Handling missing keys
Do not assume a key exists when data comes from outside your code. Check it at the boundary and fail with a useful message.
<?php
declare(strict_types=1);
function requireOrderTotal(array $order): int
{
if (!array_key_exists('total', $order)) {
throw new InvalidArgumentException('Order total is required.');
}
if (!is_int($order['total'])) {
throw new InvalidArgumentException('Order total must be an integer.');
}
return $order['total'];
}
echo requireOrderTotal(['id' => 1, 'total' => 1250]) . PHP_EOL;
// Prints:
// 1250
Use array_key_exists() when null is a possible value and you need to know whether the key exists. Use isset() when null should behave like a missing value.
What to remember
Arrays are flexible, but that flexibility is also the risk. Name variables after the shape they contain, such as $paidOrders, $stockBySku, or $totals. Validate records from external sources before transforming them. Prefer readable loops when nested array functions become difficult to explain in a code review.
Practice
Task: Build an order summary
Build a small order summary from an array of order records.
Requirements
- Use
declare(strict_types=1);. - Start with an array containing at least three orders.
- Each order should contain
id,status, andtotal. - Keep only orders with the status
paid. - Reindex the filtered list.
- Pull the paid order IDs into their own array.
- Pull the paid totals into their own array and sum them.
- Print the paid order IDs and the grand total.
- Include the expected output as comments in the same PHP code block.

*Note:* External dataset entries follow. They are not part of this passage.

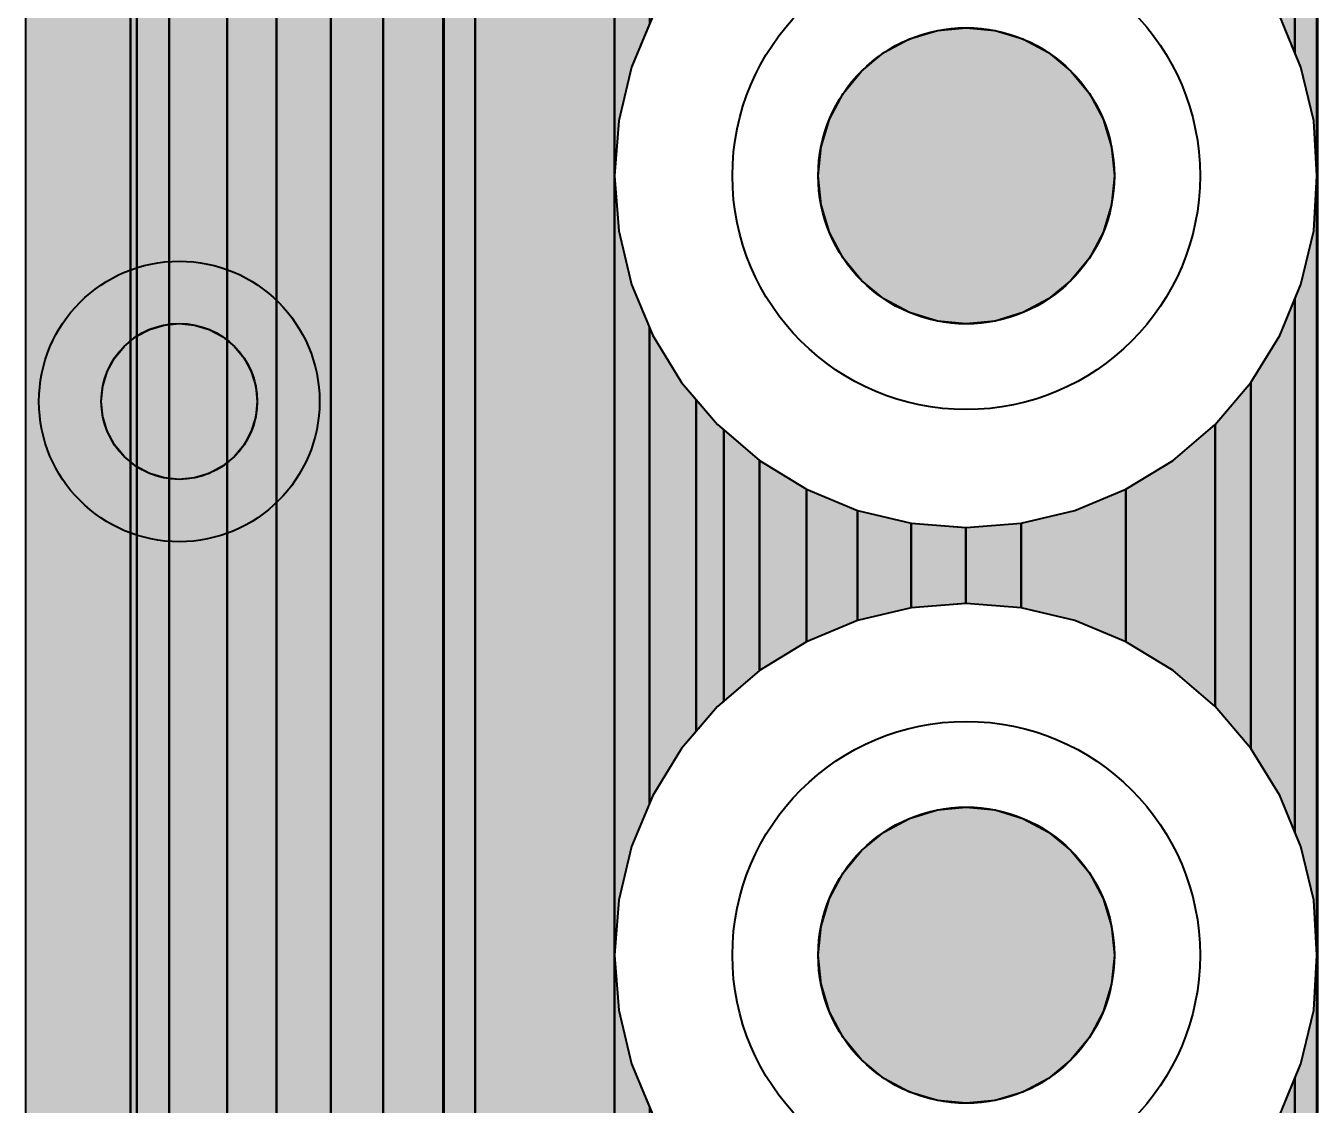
# Model space of a CAD drawing. Header units: millimetres. Extents: x 3.5 to 57, y 2.4 to 42.4.
# Drawn here: x 9.856 to 14.064, y 26.998 to 30.516 of the extents above; entities that cross this region are included whole.
import ezdxf

# ---------------------------------------------------------------- set-up
doc = ezdxf.new("R2010")
doc.units = ezdxf.units.MM
for name, color, linetype in [('bottom_copper', 7, 'Continuous'), ('bottom_silk', 7, 'Continuous'), ('drill_plated', 7, 'Continuous'), ('top_copper', 7, 'Continuous')]:
    doc.layers.add(name, color=color, linetype=linetype)

# ---------------------------------------------------------------- blocks, each defined once
blk = doc.blocks.new('Block9329')
at = {"layer": 'bottom_copper', "lineweight": 40}
for points in [[(0.9648, 0), (0.9636, 0), (0.9636, 36.618), (0.9648, 36.6333), (0.9648, 0)], [(0.9636, 27.2353), (0.953, 27.4147), (0.911, 27.5896), (0.8918, 27.636), (0.8918, 29.3746), (0.911, 29.421), (0.953, 29.5959), (0.9636, 29.7753), (0.9636, 27.2353)], [(0.8918, 27.636), (0.8422, 27.7558), (0.7482, 27.9092), (0.7482, 29.1014), (0.8422, 29.2548), (0.8918, 29.3746), (0.8918, 27.636)], [(0.9636, 24.6953), (0.953, 24.8747), (0.911, 25.0496), (0.8918, 25.096), (0.8918, 26.8346), (0.911, 26.881), (0.953, 27.0559), (0.9636, 27.2353), (0.9636, 24.6953)], [(0.8918, 25.096), (0.8422, 25.2158), (0.7482, 25.3692), (0.7482, 26.5614), (0.8422, 26.7148), (0.8918, 26.8346), (0.8918, 25.096)], [(0.7482, 25.3692), (0.6313, 25.506), (0.6313, 26.4246), (0.7482, 26.5614), (0.7482, 25.3692)], [(0.6313, 25.506), (0.4945, 25.6229), (0.3411, 25.7169), (0.3411, 26.2137), (0.4945, 26.3077), (0.6313, 26.4246), (0.6313, 25.506)], [(0.3411, 25.7169), (0.1749, 25.7857), (0, 25.8277), (0, 26.1029), (0.1749, 26.1449), (0.3411, 26.2137), (0.3411, 25.7169)], [(0, 25.8277), (-0.1794, 25.8418), (-0.1812, 25.8417), (-0.1812, 26.0889), (-0.1794, 26.0888), (0, 26.1029), (0, 25.8277)], [(0.9636, 22.1553), (0.953, 22.3347), (0.911, 22.5096), (0.8918, 22.556), (0.8918, 24.2946), (0.911, 24.341), (0.953, 24.5159), (0.9636, 24.6953), (0.9636, 22.1553)], [(0.8918, 22.556), (0.8422, 22.6758), (0.7482, 22.8292), (0.7482, 24.0214), (0.8422, 24.1748), (0.8918, 24.2946), (0.8918, 22.556)]]:
    blk.add_hatch(color=7, dxfattribs=at).paths.add_polyline_path(points, flags=0)
at = {"layer": 'bottom_copper', "color": 7, "lineweight": 40}
for points in [[(0.9648, 0), (0.9636, 0), (0.9636, 36.618), (0.9648, 36.6333), (0.9648, 0)], [(0.9636, 27.2353), (0.953, 27.4147), (0.911, 27.5896), (0.8918, 27.636), (0.8918, 29.3746), (0.911, 29.421), (0.953, 29.5959), (0.9636, 29.7753), (0.9636, 27.2353)], [(0.8918, 27.636), (0.8422, 27.7558), (0.7482, 27.9092), (0.7482, 29.1014), (0.8422, 29.2548), (0.8918, 29.3746), (0.8918, 27.636)], [(0.9636, 24.6953), (0.953, 24.8747), (0.911, 25.0496), (0.8918, 25.096), (0.8918, 26.8346), (0.911, 26.881), (0.953, 27.0559), (0.9636, 27.2353), (0.9636, 24.6953)], [(0.8918, 25.096), (0.8422, 25.2158), (0.7482, 25.3692), (0.7482, 26.5614), (0.8422, 26.7148), (0.8918, 26.8346), (0.8918, 25.096)], [(0.7482, 25.3692), (0.6313, 25.506), (0.6313, 26.4246), (0.7482, 26.5614), (0.7482, 25.3692)], [(0.6313, 25.506), (0.4945, 25.6229), (0.3411, 25.7169), (0.3411, 26.2137), (0.4945, 26.3077), (0.6313, 26.4246), (0.6313, 25.506)], [(0.3411, 25.7169), (0.1749, 25.7857), (0, 25.8277), (0, 26.1029), (0.1749, 26.1449), (0.3411, 26.2137), (0.3411, 25.7169)], [(0, 25.8277), (-0.1794, 25.8418), (-0.1812, 25.8417), (-0.1812, 26.0889), (-0.1794, 26.0888), (0, 26.1029), (0, 25.8277)], [(0.9636, 22.1553), (0.953, 22.3347), (0.911, 22.5096), (0.8918, 22.556), (0.8918, 24.2946), (0.911, 24.341), (0.953, 24.5159), (0.9636, 24.6953), (0.9636, 22.1553)], [(0.8918, 22.556), (0.8422, 22.6758), (0.7482, 22.8292), (0.7482, 24.0214), (0.8422, 24.1748), (0.8918, 24.2946), (0.8918, 22.556)]]:
    blk.add_lwpolyline(points, close=True, dxfattribs=at)
blk = doc.blocks.new('Block11541')
at = {"layer": 'bottom_copper', "lineweight": 40}
for points in [[(0, 0), (-1.9182, 0), (-1.9182, 38.9999), (0, 38.9999), (0, 0)], [(0.1143, 27.7302), (0.0561, 27.5896), (0.0141, 27.4147), (0, 27.2353), (0, 29.7753), (0.0141, 29.5959), (0.0561, 29.421), (0.1143, 29.2804), (0.1143, 27.7302)], [(0.1143, 25.1902), (0.0561, 25.0496), (0.0141, 24.8747), (0, 24.6953), (0, 27.2353), (0.0141, 27.0559), (0.0561, 26.881), (0.1143, 26.7404), (0.1143, 25.1902)], [(0.2664, 25.4248), (0.2189, 25.3692), (0.1249, 25.2158), (0.1143, 25.1902), (0.1143, 26.7404), (0.1249, 26.7148), (0.2189, 26.5614), (0.2664, 26.5058), (0.2664, 25.4248)], [(0.4726, 25.6229), (0.3358, 25.506), (0.2664, 25.4248), (0.2664, 26.5058), (0.3358, 26.4246), (0.4726, 26.3077), (0.4726, 25.6229)], [(0.7922, 25.7857), (0.626, 25.7169), (0.4726, 25.6229), (0.4726, 26.3077), (0.626, 26.2137), (0.7922, 26.1449), (0.7922, 25.7857)], [(1.1447, 25.8417), (0.9671, 25.8277), (0.7922, 25.7857), (0.7922, 26.1449), (0.9671, 26.1029), (1.1447, 26.0889), (1.1447, 25.8417)], [(0.1143, 22.6502), (0.0561, 22.5096), (0.0141, 22.3347), (0, 22.1553), (0, 24.6953), (0.0141, 24.5159), (0.0561, 24.341), (0.1143, 24.2004), (0.1143, 22.6502)]]:
    blk.add_hatch(color=7, dxfattribs=at).paths.add_polyline_path(points, flags=0)
at = {"layer": 'bottom_copper', "color": 7, "lineweight": 40}
for points in [[(0, 0), (-1.9182, 0), (-1.9182, 38.9999), (0, 38.9999), (0, 0)], [(0.1143, 27.7302), (0.0561, 27.5896), (0.0141, 27.4147), (0, 27.2353), (0, 29.7753), (0.0141, 29.5959), (0.0561, 29.421), (0.1143, 29.2804), (0.1143, 27.7302)], [(0.1143, 25.1902), (0.0561, 25.0496), (0.0141, 24.8747), (0, 24.6953), (0, 27.2353), (0.0141, 27.0559), (0.0561, 26.881), (0.1143, 26.7404), (0.1143, 25.1902)], [(0.2664, 25.4248), (0.2189, 25.3692), (0.1249, 25.2158), (0.1143, 25.1902), (0.1143, 26.7404), (0.1249, 26.7148), (0.2189, 26.5614), (0.2664, 26.5058), (0.2664, 25.4248)], [(0.4726, 25.6229), (0.3358, 25.506), (0.2664, 25.4248), (0.2664, 26.5058), (0.3358, 26.4246), (0.4726, 26.3077), (0.4726, 25.6229)], [(0.7922, 25.7857), (0.626, 25.7169), (0.4726, 25.6229), (0.4726, 26.3077), (0.626, 26.2137), (0.7922, 26.1449), (0.7922, 25.7857)], [(1.1447, 25.8417), (0.9671, 25.8277), (0.7922, 25.7857), (0.7922, 26.1449), (0.9671, 26.1029), (1.1447, 26.0889), (1.1447, 25.8417)], [(0.1143, 22.6502), (0.0561, 22.5096), (0.0141, 22.3347), (0, 22.1553), (0, 24.6953), (0.0141, 24.5159), (0.0561, 24.341), (0.1143, 24.2004), (0.1143, 22.6502)]]:
    blk.add_lwpolyline(points, close=True, dxfattribs=at)
blk = doc.blocks.new('Block31291')
at = {"layer": 'top_copper', "lineweight": 40}
for points in [[(1.6647, 0), (1.6635, 0), (1.6635, 36.618), (1.6647, 36.6333), (1.6647, 0)], [(1.6635, 27.2353), (1.6529, 27.4147), (1.6109, 27.5896), (1.5917, 27.636), (1.5917, 29.3746), (1.6109, 29.421), (1.6529, 29.5959), (1.6635, 29.7753), (1.6635, 27.2353)], [(1.5917, 27.636), (1.5421, 27.7558), (1.4481, 27.9092), (1.4481, 29.1014), (1.5421, 29.2548), (1.5917, 29.3746), (1.5917, 27.636)], [(1.6635, 24.6953), (1.6529, 24.8747), (1.6109, 25.0496), (1.5917, 25.096), (1.5917, 26.8346), (1.6109, 26.881), (1.6529, 27.0559), (1.6635, 27.2353), (1.6635, 24.6953)], [(1.5917, 25.096), (1.5421, 25.2158), (1.4481, 25.3692), (1.4481, 26.5614), (1.5421, 26.7148), (1.5917, 26.8346), (1.5917, 25.096)], [(1.4481, 25.3692), (1.3312, 25.506), (1.3312, 26.4246), (1.4481, 26.5614), (1.4481, 25.3692)], [(0, 25.7169), (-0.1534, 25.6229), (-0.27, 25.5233), (-0.27, 26.4073), (-0.1534, 26.3077), (0, 26.2137), (0, 25.7169)], [(1.3312, 25.506), (1.1944, 25.6229), (1.041, 25.7169), (1.041, 26.2137), (1.1944, 26.3077), (1.3312, 26.4246), (1.3312, 25.506)], [(0.3411, 25.8277), (0.1662, 25.7857), (0, 25.7169), (0, 26.2137), (0.1662, 26.1449), (0.3411, 26.1029), (0.3411, 25.8277)], [(1.041, 25.7169), (0.8748, 25.7857), (0.6999, 25.8277), (0.6999, 26.1029), (0.8748, 26.1449), (1.041, 26.2137), (1.041, 25.7169)], [(0.6999, 25.8277), (0.5205, 25.8418), (0.3411, 25.8277), (0.3411, 26.1029), (0.5205, 26.0888), (0.6999, 26.1029), (0.6999, 25.8277)], [(1.6635, 22.1553), (1.6529, 22.3347), (1.6109, 22.5096), (1.5917, 22.556), (1.5917, 24.2946), (1.6109, 24.341), (1.6529, 24.5159), (1.6635, 24.6953), (1.6635, 22.1553)], [(1.5917, 22.556), (1.5421, 22.6758), (1.4481, 22.8292), (1.4481, 24.0214), (1.5421, 24.1748), (1.5917, 24.2946), (1.5917, 22.556)]]:
    blk.add_hatch(color=7, dxfattribs=at).paths.add_polyline_path(points, flags=0)
at = {"layer": 'top_copper', "color": 7, "lineweight": 40}
for points in [[(1.6647, 0), (1.6635, 0), (1.6635, 36.618), (1.6647, 36.6333), (1.6647, 0)], [(1.6635, 27.2353), (1.6529, 27.4147), (1.6109, 27.5896), (1.5917, 27.636), (1.5917, 29.3746), (1.6109, 29.421), (1.6529, 29.5959), (1.6635, 29.7753), (1.6635, 27.2353)], [(1.5917, 27.636), (1.5421, 27.7558), (1.4481, 27.9092), (1.4481, 29.1014), (1.5421, 29.2548), (1.5917, 29.3746), (1.5917, 27.636)], [(1.6635, 24.6953), (1.6529, 24.8747), (1.6109, 25.0496), (1.5917, 25.096), (1.5917, 26.8346), (1.6109, 26.881), (1.6529, 27.0559), (1.6635, 27.2353), (1.6635, 24.6953)], [(1.5917, 25.096), (1.5421, 25.2158), (1.4481, 25.3692), (1.4481, 26.5614), (1.5421, 26.7148), (1.5917, 26.8346), (1.5917, 25.096)], [(1.4481, 25.3692), (1.3312, 25.506), (1.3312, 26.4246), (1.4481, 26.5614), (1.4481, 25.3692)], [(0, 25.7169), (-0.1534, 25.6229), (-0.27, 25.5233), (-0.27, 26.4073), (-0.1534, 26.3077), (0, 26.2137), (0, 25.7169)], [(1.3312, 25.506), (1.1944, 25.6229), (1.041, 25.7169), (1.041, 26.2137), (1.1944, 26.3077), (1.3312, 26.4246), (1.3312, 25.506)], [(0.3411, 25.8277), (0.1662, 25.7857), (0, 25.7169), (0, 26.2137), (0.1662, 26.1449), (0.3411, 26.1029), (0.3411, 25.8277)], [(1.041, 25.7169), (0.8748, 25.7857), (0.6999, 25.8277), (0.6999, 26.1029), (0.8748, 26.1449), (1.041, 26.2137), (1.041, 25.7169)], [(0.6999, 25.8277), (0.5205, 25.8418), (0.3411, 25.8277), (0.3411, 26.1029), (0.5205, 26.0888), (0.6999, 26.1029), (0.6999, 25.8277)], [(1.6635, 22.1553), (1.6529, 22.3347), (1.6109, 22.5096), (1.5917, 22.556), (1.5917, 24.2946), (1.6109, 24.341), (1.6529, 24.5159), (1.6635, 24.6953), (1.6635, 22.1553)], [(1.5917, 22.556), (1.5421, 22.6758), (1.4481, 22.8292), (1.4481, 24.0214), (1.5421, 24.1748), (1.5917, 24.2946), (1.5917, 22.556)]]:
    blk.add_lwpolyline(points, close=True, dxfattribs=at)
blk = doc.blocks.new('Block33803')
at = {"layer": 'top_copper', "lineweight": 40}
for points in [[(0, 0), (-0.3406, 0), (-0.3406, 38.9999), (0, 38.9999), (0, 0)], [(0.0216, 2.065), (0.0071, 2.0046), (0, 1.9149), (0, 38.9999), (0.0216, 38.9999), (0.0216, 2.065)], [(0.127, 3.5757), (0.0817, 3.5019), (0.0486, 3.4219), (0.0284, 3.3377), (0.0216, 3.2514), (0.0216, 38.9999), (0.127, 38.9999), (0.127, 3.5757)], [(0.3159, 3.7388), (0.249, 3.6977), (0.1832, 3.6415), (0.127, 3.5757), (0.127, 38.9999), (0.3159, 38.9999), (0.3159, 3.7388)], [(0.4758, 3.7936), (0.4028, 3.7761), (0.3228, 3.743), (0.316, 3.7388), (0.3159, 38.9999), (0.4758, 38.9999), (0.4758, 3.7936)], [(0.6529, 3.7968), (0.5733, 3.8031), (0.487, 3.7963), (0.4758, 3.7936), (0.4758, 38.9999), (0.6529, 38.9999), (0.6529, 3.7968)], [(0.8238, 3.743), (0.7438, 3.7761), (0.6596, 3.7963), (0.6529, 3.7968), (0.6529, 38.9999), (0.8238, 38.9999), (0.8238, 3.743)], [(1.0196, 3.5757), (0.9634, 3.6415), (0.8976, 3.6977), (0.8238, 3.743), (0.8238, 38.9999), (1.0196, 38.9999), (1.0196, 3.5757)], [(1.1238, 3.2514), (1.1219, 3.2749), (1.1182, 3.3377), (1.098, 3.4219), (1.0649, 3.5019), (1.0196, 3.5757), (1.0196, 38.9999), (1.1238, 38.9999), (1.1238, 3.2514)], [(1.5776, 2.4068), (1.1238, 2.4068), (1.1238, 38.9999), (1.5776, 38.9999), (1.5776, 2.4068)], [(1.6919, 27.7302), (1.6337, 27.5896), (1.5917, 27.4147), (1.5776, 27.2353), (1.5776, 29.7753), (1.5917, 29.5959), (1.6337, 29.421), (1.6919, 29.2804), (1.6919, 27.7302)], [(1.6919, 25.1902), (1.6337, 25.0496), (1.5917, 24.8747), (1.5776, 24.6953), (1.5776, 27.2353), (1.5917, 27.0559), (1.6337, 26.881), (1.6919, 26.7404), (1.6919, 25.1902)], [(1.844, 25.4248), (1.7965, 25.3692), (1.7025, 25.2158), (1.6919, 25.1902), (1.6919, 26.7404), (1.7025, 26.7148), (1.7965, 26.5614), (1.844, 26.5058), (1.844, 25.4248)], [(1.9336, 25.5233), (1.9134, 25.506), (1.844, 25.4248), (1.844, 26.5058), (1.9134, 26.4246), (1.9336, 26.4073), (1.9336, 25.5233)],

The finished example should make it clear when you are filtering records, when you are extracting columns, and when you are calculating the final total.
Show solution
<?php
declare(strict_types=1);
$orders = [
['id' => 1, 'status' => 'paid', 'total' => 1250],
['id' => 2, 'status' => 'draft', 'total' => 800],
['id' => 3, 'status' => 'paid', 'total' => 2199],
];
$paidOrders = array_values(array_filter($orders, function (array $order): bool {
return $order['status'] === 'paid';
}));
$paidOrderIds = array_column($paidOrders, 'id');
$paidTotals = array_column($paidOrders, 'total');
$grandTotal = array_sum($paidTotals);
echo 'Paid orders: ' . implode(', ', $paidOrderIds) . PHP_EOL;
echo 'Grand total: ' . $grandTotal . ' pennies' . PHP_EOL;
// Prints:
// Paid orders: 1, 3
// Grand total: 3449 pennies
This solution separates the work into clear stages. array_filter() chooses the records, array_values() turns the result back into a normal list, array_column() extracts the fields needed for output and calculation, and array_sum() produces the final total.